A thorough identification of the species through conventional methods is needed before an attempt at DNA analysis. This DNA can be obtained from practically any part of the insect, including the body, leg, setae, antennae, etc. There are about one million species described in the world and many more that have still not been identified. A project termed "the barcode of life" was launched by Dr. Paul D. N. Hebert, where he identified a gene that is used in cellular respiration by all species, but is different in every species. This difference in sequence can help entomologists easily identify two similar species.

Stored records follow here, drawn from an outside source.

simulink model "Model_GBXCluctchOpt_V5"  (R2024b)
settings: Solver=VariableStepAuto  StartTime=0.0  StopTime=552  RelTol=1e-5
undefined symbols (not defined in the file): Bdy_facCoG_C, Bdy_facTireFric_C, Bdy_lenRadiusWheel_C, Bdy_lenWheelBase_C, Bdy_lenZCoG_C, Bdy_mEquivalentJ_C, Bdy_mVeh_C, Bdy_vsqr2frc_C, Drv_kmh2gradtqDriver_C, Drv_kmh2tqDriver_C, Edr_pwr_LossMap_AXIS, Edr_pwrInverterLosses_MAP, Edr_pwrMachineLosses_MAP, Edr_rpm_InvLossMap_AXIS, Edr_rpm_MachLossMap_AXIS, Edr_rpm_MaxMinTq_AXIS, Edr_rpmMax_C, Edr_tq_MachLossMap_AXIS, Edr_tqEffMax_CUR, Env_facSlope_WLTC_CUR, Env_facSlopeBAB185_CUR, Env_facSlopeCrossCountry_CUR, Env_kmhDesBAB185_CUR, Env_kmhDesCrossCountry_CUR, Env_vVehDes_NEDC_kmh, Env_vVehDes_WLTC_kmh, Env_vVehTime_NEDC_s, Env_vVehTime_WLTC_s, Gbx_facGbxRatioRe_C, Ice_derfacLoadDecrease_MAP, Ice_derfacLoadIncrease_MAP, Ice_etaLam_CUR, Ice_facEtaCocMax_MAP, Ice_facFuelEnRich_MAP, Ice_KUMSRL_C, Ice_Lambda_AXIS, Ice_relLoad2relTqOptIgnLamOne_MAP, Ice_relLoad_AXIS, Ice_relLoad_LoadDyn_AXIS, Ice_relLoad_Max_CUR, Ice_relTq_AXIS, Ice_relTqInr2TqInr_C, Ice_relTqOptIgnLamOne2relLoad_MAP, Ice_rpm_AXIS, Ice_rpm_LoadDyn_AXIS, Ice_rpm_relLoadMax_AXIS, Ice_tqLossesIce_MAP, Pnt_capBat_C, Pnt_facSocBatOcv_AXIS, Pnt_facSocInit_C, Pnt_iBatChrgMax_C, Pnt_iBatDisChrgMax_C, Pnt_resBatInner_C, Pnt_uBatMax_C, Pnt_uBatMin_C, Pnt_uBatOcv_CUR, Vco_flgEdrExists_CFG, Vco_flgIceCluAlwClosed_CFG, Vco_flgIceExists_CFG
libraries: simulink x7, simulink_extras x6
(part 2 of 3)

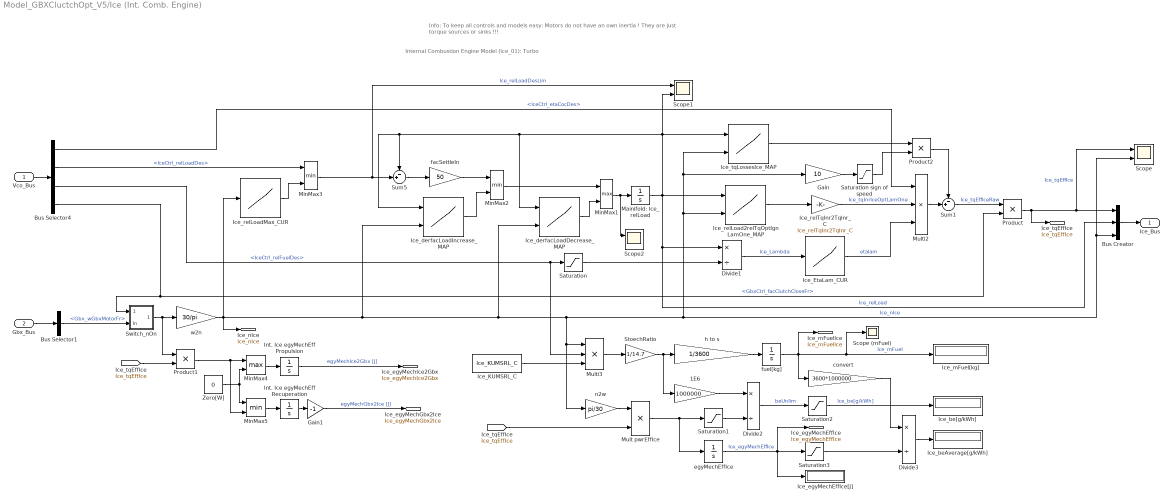
== system Model_GBXCluctchOpt_V5/Ice (Int. Comb. Engine) ==
  note: Internal Combustion Engine Model (Ice_01): Turbo
  note: Info: To keep all controls and models easy: Motors do not have an own inertia !
      | They are just torque sources or sinks !!!
  Vco_Bus : Inport
  Gbx_Bus : Inport  Port=2
  " h to s" : Gain  Gain=1/3600
  1E6 : Gain  Gain=1000000
  Bus Creator : BusCreator  Inputs=3
  Bus Selector1 : BusSelector  OutputSignals=Gbx_wGbxMotorFr
  Bus Selector4 : BusSelector  OutputSignals=IceCtrl_etaCocDes,IceCtrl_relLoadDes,IceCtrl_relFuelDes,GbxCtrl_facClutchCloseFr
  Divide1 : Product  Inputs=*/
  Divide2 : Product  Inputs=*/
  Divide3 : Product  Inputs=*/
  Gain : Gain  Gain=10
  Gain1 : Gain  Gain=-1
  Ice_EtaLam_CUR : Lookup_n-D  NumberOfTableDimensions=1  BreakpointsForDimension1=Ice_Lambda_AXIS  Table=Ice_etaLam_CUR  ExtrapMethod=Clip  InternalRulePriority=Speed  RndMeth=Simplest
  Ice_KUMSRL_C : Constant  Value=Ice_KUMSRL_C
  Ice_beAverage[g/kWh] : Display
  Ice_be[g/kWh] : Display
  Ice_derfacLoadDecrease_MAP : Lookup_n-D  BreakpointsForDimension1=Ice_relLoad_LoadDyn_AXIS  BreakpointsForDimension2=Ice_rpm_LoadDyn_AXIS  Table=Ice_derfacLoadDecrease_MAP  ExtrapMethod=Clip  UseLastTableValue=on  InternalRulePriority=Speed  RndMeth=Simplest
      settings: InputPortMap=u0,u1
  Ice_derfacLoadIncrease_MAP : Lookup_n-D  BreakpointsForDimension1=Ice_relLoad_LoadDyn_AXIS  BreakpointsForDimension2=Ice_rpm_LoadDyn_AXIS  Table=Ice_derfacLoadIncrease_MAP  ExtrapMethod=Clip  UseLastTableValue=on  InternalRulePriority=Speed  RndMeth=Simplest
      settings: InputPortMap=u0,u1
  Ice_egyMechEffIce[J] : Display
  Ice_mFuel[kg] : Display
  Ice_relLoad2relTqOptIgnLamOne_MAP : Lookup_n-D  BreakpointsForDimension1=Ice_relLoad_AXIS  BreakpointsForDimension2=Ice_rpm_AXIS  Table=Ice_relLoad2relTqOptIgnLamOne_MAP  ExtrapMethod=Clip  InternalRulePriority=Speed  RndMeth=Simplest
      settings: InputPortMap=u0,u1
  Ice_relLoadMax_CUR : Lookup_n-D  NumberOfTableDimensions=1  BreakpointsForDimension1=Ice_rpm_relLoadMax_AXIS  Table=Ice_relLoad_Max_CUR  ExtrapMethod=Clip  InternalRulePriority=Speed  RndMeth=Simplest
  Ice_relTqInr2TqInr_C : Gain  Gain=Ice_relTqInr2TqInr_C
  Ice_tqLossesIce_MAP : Lookup_n-D  BreakpointsForDimension1=Ice_relLoad_AXIS  BreakpointsForDimension2=Ice_rpm_AXIS  Table=Ice_tqLossesIce_MAP  ExtrapMethod=Clip  InternalRulePriority=Speed  RndMeth=Simplest
      settings: InputPortMap=u0,u1
  Int. Ice egyMechEff Propulsion : Integrator
  Int. Ice egyMechEff Recuperation : Integrator
  Mainifold: Ice_relLoad : Integrator  InitialCondition=80  LimitOutput=on  LowerSaturationLimit=0
  MinMax1 : MinMax  Function=max  Inputs=2
  MinMax2 : MinMax  Inputs=2
  MinMax3 : MinMax  Inputs=2
  MinMax4 : MinMax  Function=max  Inputs=2  ZeroCross=off
  MinMax5 : MinMax  Inputs=2  ZeroCross=off
  Mult pwrEffIce : Product  Inputs=**
  Multi2 : Product  Inputs=***
  Multi3 : Product  Inputs=***
  Product : Product
  Product1 : Product
  Product2 : Product
  Saturation : Saturate  UpperLimit=1000  LowerLimit=0.0001
  Saturation sign of speed : Saturate  UpperLimit=1  LowerLimit=-1
  Saturation1 : Saturate  UpperLimit=inf  LowerLimit=0.1
  Saturation2 : Saturate  UpperLimit=1000  LowerLimit=0
  Saturation3 : Saturate  UpperLimit=inf  LowerLimit=0.1
  Scope : Scope  NumInputPorts=2
  "Scope (mFuel) " : Scope
  Scope1 : Scope  NumInputPorts=2
  Scope2 : Scope  NumInputPorts=2
  StoechRatio : Gain  Gain=1/14.7
  Sum1 : Sum  Inputs=-+|
  Sum5 : Sum  Inputs=-+|
  Switch_nOn : Subsystem
  "Zero[W] " : Constant  Value=0
  convert : Gain  Gain=3600*1000000
  egyMechEffIce : Integrator
  facSettleIn : Gain  Gain=50
  fuel[kg] : Integrator
  n2w : Gain  Gain=pi/30
  "w2n  " : Gain  Gain=30/pi
  Ice_Bus : Outport  VectorParamsAs1DForOutWhenUnconnected=off
  tag scope: Ice_egyMechEffIce=global, Ice_egyMechGbx2Ice=global, Ice_egyMechIce2Gbx=global, Ice_mFuelIce=global, Ice_nIce=global, Ice_tqEffIce=global
  wires:
  Bus Creator/1 -> Ice_Bus/1
  Vco_Bus/1 -> Bus Selector4/1
  Product/1 -> [Ice_tqEffIce], Bus Creator/1, Scope/1  "Ice_tqEffIce"
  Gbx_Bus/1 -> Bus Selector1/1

DNA sequencing is basically done in three steps: polymerase chain reaction (PCR), followed by a sequencing reaction, then gel electrophoresis. PCR is a step that cleaves the long chain of chromosomes into much shorter and workable pieces. These pieces are used as patterns to create a set of fragments. These fragments are different in length from each other by one base which is helpful in identification. Those sets of fragments are then separated by gel electrophoresis. This process uses electricity to separate DNA fragments by size as they move through a gel matrix. With the presence of an electric current the negative DNA strand marches toward the positive pole of the current. The smaller DNA fragments move through the gel pores much more easily/faster than larger molecules. At the bottom of the gel the fragments go through a laser beam that emits a distinct color according to the base that passes through.